Recorded information START
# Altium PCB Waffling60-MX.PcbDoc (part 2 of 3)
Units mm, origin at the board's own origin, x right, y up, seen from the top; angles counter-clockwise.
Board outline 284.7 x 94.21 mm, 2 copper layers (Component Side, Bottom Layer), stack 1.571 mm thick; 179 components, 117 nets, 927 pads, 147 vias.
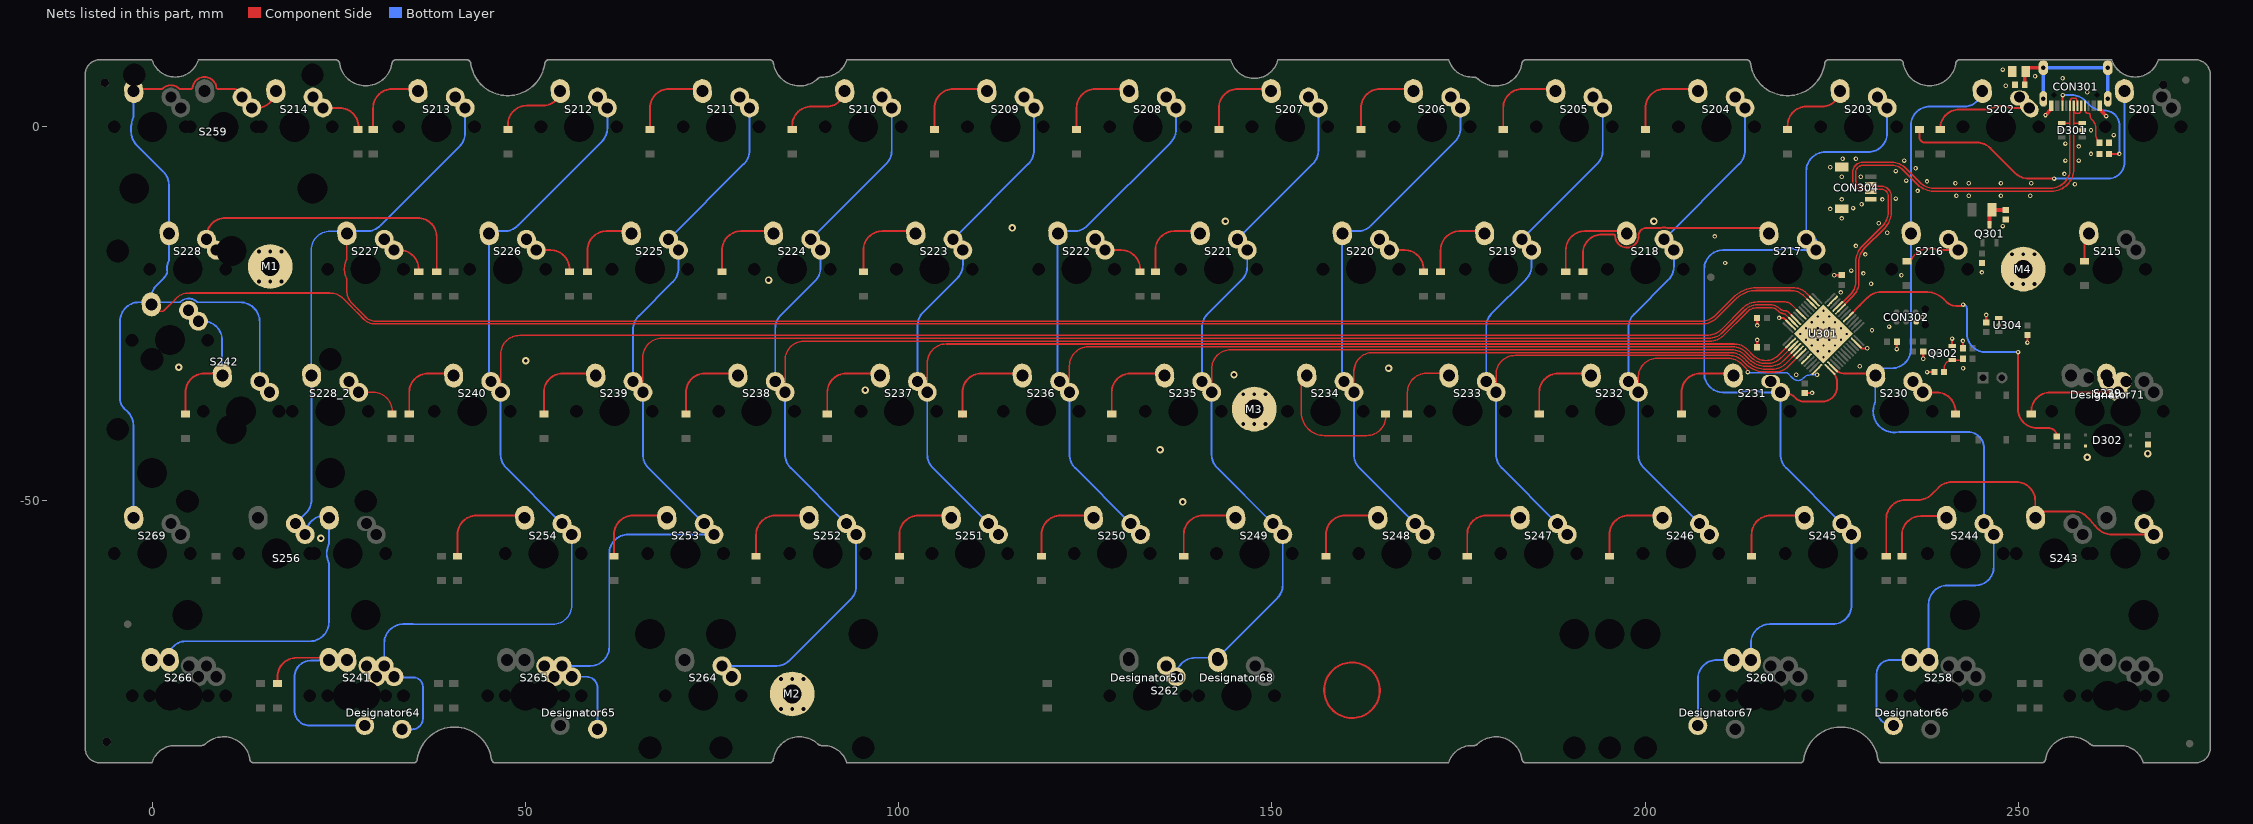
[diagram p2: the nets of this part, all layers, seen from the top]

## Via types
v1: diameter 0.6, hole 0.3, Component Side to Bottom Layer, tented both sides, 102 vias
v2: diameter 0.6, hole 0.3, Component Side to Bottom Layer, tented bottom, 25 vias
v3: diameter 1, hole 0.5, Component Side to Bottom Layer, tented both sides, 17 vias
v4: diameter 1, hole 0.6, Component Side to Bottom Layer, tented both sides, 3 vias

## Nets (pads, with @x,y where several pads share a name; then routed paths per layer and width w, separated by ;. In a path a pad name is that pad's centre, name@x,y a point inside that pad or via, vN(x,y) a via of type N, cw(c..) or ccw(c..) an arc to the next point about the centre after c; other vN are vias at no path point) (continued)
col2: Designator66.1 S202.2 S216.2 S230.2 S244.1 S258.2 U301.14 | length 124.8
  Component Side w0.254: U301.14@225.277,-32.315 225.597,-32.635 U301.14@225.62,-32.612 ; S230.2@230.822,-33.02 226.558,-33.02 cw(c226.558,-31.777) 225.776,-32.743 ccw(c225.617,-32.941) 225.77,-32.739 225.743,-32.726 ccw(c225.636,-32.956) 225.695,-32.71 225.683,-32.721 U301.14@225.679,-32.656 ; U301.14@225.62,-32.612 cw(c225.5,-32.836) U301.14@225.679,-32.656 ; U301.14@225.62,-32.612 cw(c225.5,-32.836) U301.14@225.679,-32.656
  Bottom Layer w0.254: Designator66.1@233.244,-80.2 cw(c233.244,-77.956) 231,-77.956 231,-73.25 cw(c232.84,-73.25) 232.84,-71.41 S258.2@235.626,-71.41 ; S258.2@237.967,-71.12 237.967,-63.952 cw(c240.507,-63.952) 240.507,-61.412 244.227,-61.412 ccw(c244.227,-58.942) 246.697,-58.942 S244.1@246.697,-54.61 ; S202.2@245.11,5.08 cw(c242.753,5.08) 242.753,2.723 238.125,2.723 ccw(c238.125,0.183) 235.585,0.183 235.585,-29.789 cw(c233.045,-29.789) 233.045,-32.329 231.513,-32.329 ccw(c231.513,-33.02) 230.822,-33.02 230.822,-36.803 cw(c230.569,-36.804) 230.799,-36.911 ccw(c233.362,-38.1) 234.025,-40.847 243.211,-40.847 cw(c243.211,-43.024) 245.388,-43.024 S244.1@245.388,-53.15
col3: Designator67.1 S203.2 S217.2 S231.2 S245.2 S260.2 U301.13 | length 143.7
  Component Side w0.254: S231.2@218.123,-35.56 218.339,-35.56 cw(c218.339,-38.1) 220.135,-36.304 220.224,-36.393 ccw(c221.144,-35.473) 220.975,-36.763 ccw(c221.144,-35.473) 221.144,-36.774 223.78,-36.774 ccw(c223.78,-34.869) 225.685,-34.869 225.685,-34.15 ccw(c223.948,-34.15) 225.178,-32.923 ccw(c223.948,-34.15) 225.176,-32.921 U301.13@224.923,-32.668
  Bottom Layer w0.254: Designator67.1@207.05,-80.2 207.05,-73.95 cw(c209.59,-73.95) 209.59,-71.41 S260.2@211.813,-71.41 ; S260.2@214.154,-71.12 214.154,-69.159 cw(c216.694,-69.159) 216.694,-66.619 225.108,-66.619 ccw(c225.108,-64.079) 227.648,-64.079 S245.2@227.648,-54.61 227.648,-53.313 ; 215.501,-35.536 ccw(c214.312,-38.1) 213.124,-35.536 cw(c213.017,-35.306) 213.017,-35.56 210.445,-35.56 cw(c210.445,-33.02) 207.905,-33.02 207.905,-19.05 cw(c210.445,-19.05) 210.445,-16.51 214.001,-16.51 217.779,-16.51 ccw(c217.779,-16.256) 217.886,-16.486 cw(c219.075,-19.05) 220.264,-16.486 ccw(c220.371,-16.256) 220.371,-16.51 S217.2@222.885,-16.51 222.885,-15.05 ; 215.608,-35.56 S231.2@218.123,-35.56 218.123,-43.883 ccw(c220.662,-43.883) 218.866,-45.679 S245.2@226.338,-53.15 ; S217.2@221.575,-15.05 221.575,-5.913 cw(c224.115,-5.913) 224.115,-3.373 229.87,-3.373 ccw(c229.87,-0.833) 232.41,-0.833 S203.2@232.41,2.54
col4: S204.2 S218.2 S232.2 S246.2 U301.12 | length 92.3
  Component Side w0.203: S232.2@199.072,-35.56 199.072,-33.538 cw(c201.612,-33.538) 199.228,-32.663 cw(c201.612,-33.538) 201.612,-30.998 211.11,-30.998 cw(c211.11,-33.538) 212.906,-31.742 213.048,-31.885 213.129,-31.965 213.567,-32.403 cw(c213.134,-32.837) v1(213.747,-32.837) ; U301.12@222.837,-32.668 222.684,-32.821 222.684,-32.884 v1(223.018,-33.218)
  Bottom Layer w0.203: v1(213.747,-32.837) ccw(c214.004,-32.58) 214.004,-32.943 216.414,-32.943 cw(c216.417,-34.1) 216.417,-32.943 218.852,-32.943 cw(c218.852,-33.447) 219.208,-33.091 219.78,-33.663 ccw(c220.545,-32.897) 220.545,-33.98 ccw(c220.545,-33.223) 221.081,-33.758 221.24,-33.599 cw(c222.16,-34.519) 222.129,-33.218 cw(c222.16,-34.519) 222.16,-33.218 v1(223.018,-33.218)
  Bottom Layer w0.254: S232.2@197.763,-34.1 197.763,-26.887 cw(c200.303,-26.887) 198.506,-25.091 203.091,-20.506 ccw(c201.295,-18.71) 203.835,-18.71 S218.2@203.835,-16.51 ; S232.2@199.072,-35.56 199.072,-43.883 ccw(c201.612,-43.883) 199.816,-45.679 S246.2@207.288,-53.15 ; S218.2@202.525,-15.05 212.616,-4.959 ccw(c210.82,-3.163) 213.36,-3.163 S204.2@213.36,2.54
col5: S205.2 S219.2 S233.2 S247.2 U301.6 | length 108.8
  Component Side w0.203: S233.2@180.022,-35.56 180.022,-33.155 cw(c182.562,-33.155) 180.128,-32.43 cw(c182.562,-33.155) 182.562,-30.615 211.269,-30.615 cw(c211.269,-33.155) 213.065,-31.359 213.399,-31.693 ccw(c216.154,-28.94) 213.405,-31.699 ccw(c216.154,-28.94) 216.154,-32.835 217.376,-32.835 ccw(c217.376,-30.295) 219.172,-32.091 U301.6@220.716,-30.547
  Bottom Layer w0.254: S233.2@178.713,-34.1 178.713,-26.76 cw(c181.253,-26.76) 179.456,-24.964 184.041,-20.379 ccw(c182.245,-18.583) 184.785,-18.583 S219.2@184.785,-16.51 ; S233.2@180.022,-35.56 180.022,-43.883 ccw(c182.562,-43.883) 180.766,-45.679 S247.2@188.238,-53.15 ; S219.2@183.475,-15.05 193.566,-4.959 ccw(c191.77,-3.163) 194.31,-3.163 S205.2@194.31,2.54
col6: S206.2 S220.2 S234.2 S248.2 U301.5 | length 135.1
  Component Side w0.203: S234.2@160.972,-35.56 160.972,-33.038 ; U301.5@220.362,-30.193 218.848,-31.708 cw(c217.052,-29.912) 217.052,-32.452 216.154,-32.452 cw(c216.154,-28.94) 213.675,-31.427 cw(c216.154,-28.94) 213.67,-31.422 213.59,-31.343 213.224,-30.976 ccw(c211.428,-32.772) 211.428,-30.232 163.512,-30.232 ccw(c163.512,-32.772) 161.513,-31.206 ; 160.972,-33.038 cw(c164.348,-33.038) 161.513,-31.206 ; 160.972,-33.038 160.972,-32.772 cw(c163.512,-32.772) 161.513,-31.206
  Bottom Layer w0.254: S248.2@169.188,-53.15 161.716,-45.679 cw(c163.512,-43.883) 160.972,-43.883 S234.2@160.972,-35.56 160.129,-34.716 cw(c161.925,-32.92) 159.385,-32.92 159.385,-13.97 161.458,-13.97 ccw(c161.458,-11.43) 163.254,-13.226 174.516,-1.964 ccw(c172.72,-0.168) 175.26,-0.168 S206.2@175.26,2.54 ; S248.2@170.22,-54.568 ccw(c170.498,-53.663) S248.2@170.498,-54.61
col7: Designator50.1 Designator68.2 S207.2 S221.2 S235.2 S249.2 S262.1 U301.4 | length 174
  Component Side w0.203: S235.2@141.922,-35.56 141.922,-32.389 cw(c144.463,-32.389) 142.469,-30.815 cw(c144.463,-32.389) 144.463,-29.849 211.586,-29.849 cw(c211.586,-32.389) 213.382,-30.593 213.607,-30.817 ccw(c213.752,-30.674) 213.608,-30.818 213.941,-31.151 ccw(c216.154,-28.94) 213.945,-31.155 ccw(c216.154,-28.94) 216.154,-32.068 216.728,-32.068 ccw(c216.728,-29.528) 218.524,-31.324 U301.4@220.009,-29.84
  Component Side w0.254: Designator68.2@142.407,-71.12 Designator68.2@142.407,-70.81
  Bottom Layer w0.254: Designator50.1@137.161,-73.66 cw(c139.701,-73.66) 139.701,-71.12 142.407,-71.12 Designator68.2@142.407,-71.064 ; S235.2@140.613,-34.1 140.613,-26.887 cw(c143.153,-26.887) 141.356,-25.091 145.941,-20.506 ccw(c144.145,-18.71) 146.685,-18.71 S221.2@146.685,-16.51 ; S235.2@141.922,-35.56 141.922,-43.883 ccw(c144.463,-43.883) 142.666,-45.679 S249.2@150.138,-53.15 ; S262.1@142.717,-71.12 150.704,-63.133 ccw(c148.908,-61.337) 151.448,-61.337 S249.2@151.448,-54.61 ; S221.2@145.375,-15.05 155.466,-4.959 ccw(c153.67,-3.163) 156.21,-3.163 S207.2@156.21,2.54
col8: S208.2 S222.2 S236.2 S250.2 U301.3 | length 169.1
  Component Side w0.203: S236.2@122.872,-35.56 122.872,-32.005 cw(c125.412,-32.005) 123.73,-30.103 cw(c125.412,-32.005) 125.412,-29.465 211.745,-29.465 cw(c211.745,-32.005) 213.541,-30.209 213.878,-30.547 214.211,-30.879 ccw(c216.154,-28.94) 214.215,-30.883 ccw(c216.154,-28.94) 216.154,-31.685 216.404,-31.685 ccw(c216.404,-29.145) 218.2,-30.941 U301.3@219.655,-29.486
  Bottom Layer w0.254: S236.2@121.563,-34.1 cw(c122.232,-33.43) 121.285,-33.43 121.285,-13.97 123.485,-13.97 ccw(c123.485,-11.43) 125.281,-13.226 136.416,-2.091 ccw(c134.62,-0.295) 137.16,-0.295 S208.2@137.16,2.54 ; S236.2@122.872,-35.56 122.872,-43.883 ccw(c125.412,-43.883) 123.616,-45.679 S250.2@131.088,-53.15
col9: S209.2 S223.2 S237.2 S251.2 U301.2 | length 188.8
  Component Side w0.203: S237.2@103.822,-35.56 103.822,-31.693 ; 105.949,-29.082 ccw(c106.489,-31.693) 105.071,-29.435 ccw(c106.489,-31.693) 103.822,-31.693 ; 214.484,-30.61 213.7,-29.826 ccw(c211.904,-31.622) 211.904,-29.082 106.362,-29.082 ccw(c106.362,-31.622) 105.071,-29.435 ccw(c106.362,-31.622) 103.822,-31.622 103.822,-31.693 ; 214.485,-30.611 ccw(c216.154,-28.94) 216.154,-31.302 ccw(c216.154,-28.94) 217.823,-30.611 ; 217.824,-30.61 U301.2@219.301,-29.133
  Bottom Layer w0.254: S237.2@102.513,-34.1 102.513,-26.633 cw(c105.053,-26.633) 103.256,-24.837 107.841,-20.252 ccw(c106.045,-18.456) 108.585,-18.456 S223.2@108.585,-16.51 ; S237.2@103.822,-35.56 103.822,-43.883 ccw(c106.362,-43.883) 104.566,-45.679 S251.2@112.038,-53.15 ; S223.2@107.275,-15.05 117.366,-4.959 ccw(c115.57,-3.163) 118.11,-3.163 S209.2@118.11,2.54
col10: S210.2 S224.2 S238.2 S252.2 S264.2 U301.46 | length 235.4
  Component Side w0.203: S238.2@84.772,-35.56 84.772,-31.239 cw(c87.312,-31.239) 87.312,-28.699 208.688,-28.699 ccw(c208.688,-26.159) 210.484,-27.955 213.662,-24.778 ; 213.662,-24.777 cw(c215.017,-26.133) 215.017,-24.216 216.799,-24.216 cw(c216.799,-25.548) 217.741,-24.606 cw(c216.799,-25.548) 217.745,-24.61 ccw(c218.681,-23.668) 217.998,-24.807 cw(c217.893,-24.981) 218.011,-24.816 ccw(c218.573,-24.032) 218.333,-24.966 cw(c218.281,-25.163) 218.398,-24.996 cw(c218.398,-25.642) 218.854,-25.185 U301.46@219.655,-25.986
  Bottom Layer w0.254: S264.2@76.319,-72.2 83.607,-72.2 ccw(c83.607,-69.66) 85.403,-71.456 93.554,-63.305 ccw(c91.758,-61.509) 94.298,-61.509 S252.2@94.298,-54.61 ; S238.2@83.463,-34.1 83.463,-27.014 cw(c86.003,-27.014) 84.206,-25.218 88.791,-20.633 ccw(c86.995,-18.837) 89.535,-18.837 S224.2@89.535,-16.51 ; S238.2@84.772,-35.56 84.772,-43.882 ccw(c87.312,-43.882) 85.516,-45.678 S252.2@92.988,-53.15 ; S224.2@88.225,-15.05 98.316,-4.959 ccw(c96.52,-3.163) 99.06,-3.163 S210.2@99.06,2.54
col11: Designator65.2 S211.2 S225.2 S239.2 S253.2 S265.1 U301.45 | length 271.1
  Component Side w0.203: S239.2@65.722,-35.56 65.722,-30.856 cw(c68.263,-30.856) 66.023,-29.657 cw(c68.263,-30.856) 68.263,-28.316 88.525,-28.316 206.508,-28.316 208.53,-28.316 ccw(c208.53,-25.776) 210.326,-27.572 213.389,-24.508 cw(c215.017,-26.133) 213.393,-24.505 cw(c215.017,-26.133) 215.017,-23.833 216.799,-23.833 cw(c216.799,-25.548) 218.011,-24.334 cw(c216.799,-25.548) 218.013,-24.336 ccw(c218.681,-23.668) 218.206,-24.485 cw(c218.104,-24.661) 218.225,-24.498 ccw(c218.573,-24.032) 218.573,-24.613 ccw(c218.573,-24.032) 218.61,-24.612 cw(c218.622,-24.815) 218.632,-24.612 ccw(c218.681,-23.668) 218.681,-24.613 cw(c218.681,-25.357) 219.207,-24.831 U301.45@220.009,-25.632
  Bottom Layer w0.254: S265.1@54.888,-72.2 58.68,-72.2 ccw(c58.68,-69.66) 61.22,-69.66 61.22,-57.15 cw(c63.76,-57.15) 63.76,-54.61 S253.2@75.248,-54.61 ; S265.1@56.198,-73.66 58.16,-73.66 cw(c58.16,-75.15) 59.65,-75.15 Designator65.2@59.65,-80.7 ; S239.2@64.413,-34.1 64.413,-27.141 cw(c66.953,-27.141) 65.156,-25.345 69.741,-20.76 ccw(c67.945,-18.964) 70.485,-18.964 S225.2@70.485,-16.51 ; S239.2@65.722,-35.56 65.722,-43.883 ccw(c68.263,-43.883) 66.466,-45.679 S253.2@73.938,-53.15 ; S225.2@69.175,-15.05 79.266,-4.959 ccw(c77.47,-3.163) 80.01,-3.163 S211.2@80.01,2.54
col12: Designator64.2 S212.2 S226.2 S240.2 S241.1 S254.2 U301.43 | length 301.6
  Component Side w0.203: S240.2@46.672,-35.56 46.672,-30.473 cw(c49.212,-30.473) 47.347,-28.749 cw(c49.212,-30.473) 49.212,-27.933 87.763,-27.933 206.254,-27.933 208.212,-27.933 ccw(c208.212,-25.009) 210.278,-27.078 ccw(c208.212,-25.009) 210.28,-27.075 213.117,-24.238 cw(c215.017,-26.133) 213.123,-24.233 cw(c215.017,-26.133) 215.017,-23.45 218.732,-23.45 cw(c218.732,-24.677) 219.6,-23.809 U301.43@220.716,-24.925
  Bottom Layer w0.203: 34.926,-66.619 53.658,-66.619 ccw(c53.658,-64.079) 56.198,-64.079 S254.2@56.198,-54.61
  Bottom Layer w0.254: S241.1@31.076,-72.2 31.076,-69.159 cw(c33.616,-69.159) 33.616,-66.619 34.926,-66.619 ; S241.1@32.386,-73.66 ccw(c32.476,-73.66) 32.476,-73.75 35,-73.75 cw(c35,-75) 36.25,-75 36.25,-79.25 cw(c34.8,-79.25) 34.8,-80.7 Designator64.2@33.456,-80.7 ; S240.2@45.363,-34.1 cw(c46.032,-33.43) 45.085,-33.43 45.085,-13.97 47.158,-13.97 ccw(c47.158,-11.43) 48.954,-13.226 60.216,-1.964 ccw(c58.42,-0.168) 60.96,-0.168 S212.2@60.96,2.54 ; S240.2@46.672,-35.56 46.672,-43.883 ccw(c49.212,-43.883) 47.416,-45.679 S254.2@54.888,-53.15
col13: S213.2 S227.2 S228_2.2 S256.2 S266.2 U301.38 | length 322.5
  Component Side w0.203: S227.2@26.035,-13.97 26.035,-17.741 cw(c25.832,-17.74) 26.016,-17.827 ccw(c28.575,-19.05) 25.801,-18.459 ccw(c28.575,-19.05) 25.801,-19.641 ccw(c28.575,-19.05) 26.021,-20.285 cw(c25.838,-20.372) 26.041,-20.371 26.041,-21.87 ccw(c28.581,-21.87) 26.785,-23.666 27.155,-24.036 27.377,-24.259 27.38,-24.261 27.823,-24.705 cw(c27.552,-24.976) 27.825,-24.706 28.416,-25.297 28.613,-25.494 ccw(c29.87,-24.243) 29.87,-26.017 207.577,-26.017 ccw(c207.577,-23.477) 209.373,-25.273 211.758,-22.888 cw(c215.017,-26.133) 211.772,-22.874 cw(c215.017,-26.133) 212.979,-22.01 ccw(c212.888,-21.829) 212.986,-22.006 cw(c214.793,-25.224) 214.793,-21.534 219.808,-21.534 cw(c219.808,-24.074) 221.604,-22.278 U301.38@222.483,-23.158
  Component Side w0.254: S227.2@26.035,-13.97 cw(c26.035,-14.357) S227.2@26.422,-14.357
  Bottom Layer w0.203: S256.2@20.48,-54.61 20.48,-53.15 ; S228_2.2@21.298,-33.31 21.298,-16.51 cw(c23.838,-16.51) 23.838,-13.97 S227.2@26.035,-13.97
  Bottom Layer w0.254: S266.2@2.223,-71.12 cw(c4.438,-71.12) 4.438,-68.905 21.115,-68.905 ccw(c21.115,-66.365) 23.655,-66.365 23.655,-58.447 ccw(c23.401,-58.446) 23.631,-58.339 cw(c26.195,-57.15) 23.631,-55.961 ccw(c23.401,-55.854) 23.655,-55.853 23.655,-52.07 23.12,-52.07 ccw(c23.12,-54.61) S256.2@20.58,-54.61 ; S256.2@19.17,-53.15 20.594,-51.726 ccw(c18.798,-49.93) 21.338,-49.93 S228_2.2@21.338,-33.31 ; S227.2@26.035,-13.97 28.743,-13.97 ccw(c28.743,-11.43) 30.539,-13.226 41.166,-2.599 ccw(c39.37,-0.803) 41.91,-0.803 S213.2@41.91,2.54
Recorded information END
## Problem statement
Looking at the records above, state the number of lines where the word "pads" occurs, and write nothing beyond it.

## Finished task
2